The r-th central moment is the arithmetic mean of the r-th power of the deviations from the mean.

μ_r = (Σ (x - x̄)^r) / n (Ungrouped)
μ_r = (Σ f * (x - x̄)^r) / N (Grouped)

The first central moment (r=1) is always zero: μ₁ = 0
The second central moment (r=2) is the Variance: μ₂ = σ²

5. Measures of Skewness and Kurtosis

These measures describe the shape of the distribution.

Skewness (Asymmetry)

Measures the asymmetry or lack of symmetry of a distribution.

Symmetrical Distribution: The "bell" shape is identical on both sides.
- Mean = Median = Mode
- Skewness = 0
Positively Skewed (Skewed to the Right): The "tail" is longer on the right.
- Mean > Median > Mode
- Skewness > 0
Negatively Skewed (Skewed to the Left): The "tail" is longer on the left.
- Mean < Median < Mode
- Skewness < 0

Moment-based Coefficient (β₁):

β₁ = (μ₃)² / (μ₂)³

(If β₁ = 0, symmetrical.
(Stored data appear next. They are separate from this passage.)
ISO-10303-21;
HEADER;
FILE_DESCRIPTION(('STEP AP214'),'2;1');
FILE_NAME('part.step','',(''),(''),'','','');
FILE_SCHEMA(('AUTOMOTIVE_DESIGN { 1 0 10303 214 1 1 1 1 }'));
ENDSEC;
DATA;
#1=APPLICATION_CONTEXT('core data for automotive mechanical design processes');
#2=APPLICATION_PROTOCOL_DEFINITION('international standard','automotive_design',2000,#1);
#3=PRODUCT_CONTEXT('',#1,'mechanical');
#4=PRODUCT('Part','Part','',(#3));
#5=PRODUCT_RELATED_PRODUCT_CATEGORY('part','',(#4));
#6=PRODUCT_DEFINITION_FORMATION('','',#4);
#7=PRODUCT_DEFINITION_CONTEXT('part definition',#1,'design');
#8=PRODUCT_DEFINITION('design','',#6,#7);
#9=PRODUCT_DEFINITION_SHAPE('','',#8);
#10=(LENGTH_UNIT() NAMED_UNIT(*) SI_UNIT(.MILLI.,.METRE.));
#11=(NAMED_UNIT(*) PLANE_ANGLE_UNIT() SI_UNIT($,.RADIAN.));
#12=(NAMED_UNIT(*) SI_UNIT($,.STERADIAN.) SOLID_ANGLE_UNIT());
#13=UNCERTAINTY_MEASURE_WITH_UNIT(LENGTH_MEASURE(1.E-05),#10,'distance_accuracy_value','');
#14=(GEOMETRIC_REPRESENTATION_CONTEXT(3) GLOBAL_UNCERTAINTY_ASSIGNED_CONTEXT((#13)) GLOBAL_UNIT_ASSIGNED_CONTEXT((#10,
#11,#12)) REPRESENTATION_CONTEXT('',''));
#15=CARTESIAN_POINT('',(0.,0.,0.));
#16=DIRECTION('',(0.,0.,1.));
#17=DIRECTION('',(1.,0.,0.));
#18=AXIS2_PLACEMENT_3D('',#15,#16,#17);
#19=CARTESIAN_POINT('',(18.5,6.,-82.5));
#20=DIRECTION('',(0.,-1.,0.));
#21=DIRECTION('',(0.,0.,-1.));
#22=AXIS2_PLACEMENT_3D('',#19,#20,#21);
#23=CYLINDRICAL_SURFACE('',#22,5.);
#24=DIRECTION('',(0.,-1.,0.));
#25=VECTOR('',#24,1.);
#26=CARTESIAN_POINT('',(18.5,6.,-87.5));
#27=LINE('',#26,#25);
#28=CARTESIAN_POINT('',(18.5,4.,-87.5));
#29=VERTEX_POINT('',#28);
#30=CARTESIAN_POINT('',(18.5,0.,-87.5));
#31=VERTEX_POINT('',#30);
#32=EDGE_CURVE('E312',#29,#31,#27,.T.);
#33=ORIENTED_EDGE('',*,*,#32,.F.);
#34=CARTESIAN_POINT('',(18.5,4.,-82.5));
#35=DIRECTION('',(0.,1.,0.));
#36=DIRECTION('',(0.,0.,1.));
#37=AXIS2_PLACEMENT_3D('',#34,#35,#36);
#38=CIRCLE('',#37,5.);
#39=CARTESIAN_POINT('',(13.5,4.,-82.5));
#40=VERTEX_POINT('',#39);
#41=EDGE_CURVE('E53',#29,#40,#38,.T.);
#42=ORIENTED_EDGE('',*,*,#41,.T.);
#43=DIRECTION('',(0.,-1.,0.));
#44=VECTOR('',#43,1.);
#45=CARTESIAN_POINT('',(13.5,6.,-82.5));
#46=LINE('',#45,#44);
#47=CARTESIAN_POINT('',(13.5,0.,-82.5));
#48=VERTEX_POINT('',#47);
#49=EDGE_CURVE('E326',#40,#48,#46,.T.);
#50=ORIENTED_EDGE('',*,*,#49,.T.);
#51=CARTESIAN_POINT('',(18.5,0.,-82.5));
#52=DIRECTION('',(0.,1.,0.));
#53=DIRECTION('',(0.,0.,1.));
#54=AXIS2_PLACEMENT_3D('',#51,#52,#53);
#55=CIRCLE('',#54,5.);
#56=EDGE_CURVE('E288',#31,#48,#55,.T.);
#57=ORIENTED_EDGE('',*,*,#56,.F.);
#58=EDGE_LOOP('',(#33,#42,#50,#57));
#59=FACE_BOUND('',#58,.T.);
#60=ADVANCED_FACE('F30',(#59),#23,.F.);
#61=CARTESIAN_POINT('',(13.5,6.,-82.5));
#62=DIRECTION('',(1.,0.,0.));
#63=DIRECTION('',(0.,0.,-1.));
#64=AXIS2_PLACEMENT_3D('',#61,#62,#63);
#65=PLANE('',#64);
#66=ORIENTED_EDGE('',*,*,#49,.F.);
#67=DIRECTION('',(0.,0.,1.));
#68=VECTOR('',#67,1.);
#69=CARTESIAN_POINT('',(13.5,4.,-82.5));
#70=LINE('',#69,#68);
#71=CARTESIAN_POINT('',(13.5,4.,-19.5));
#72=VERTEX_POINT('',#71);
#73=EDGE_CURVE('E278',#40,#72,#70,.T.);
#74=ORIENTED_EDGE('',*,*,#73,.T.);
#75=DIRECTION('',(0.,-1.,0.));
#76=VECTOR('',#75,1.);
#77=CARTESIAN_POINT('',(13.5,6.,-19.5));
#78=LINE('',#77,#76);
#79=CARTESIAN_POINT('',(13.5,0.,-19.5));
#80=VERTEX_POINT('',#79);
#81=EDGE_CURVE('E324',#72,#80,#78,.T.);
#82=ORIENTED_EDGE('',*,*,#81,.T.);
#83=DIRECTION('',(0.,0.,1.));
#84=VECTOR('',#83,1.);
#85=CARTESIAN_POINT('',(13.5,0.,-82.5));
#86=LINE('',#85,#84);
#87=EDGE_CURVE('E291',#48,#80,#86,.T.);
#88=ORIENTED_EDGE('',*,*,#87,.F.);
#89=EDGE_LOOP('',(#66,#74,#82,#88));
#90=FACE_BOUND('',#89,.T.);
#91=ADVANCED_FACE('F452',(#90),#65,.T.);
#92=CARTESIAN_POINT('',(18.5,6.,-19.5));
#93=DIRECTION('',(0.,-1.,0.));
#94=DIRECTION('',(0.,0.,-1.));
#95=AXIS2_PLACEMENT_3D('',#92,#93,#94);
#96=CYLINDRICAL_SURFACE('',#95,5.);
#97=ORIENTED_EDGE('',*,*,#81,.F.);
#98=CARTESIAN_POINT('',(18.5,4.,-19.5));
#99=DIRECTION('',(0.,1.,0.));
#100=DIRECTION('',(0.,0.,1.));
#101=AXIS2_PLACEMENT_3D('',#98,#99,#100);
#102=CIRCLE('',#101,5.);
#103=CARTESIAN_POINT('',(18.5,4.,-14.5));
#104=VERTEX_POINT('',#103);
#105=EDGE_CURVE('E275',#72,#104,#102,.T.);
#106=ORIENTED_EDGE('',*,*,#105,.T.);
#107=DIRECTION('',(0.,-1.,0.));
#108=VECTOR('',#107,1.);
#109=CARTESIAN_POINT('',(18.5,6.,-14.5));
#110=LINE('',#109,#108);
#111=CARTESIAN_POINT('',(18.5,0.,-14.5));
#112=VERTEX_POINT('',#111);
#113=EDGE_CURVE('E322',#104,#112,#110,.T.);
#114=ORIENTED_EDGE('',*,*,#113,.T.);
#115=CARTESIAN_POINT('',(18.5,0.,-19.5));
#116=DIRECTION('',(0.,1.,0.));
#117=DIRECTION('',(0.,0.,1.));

If β₁ > 0, skewed.)

Kurtosis (Peakedness)

Measures the peakedness or flatness of a distribution compared to the standard Normal distribution.

Leptokurtic: More peaked, sharper peak, and heavier/fatter tails.
Mesokurtic: The "normal" bell shape (like the Normal Distribution).
Platykurtic: Flatter, more rounded peak, and lighter/thinner tails.

Moment-based Coefficient (β₂):

β₂ = μ₄ / (μ₂)²

If β₂ = 3, it is Mesokurtic (Normal).
If β₂ > 3, it is Leptokurtic (Leap/Peaked).
If β₂ < 3, it is Platykurtic (Flat/Plateau).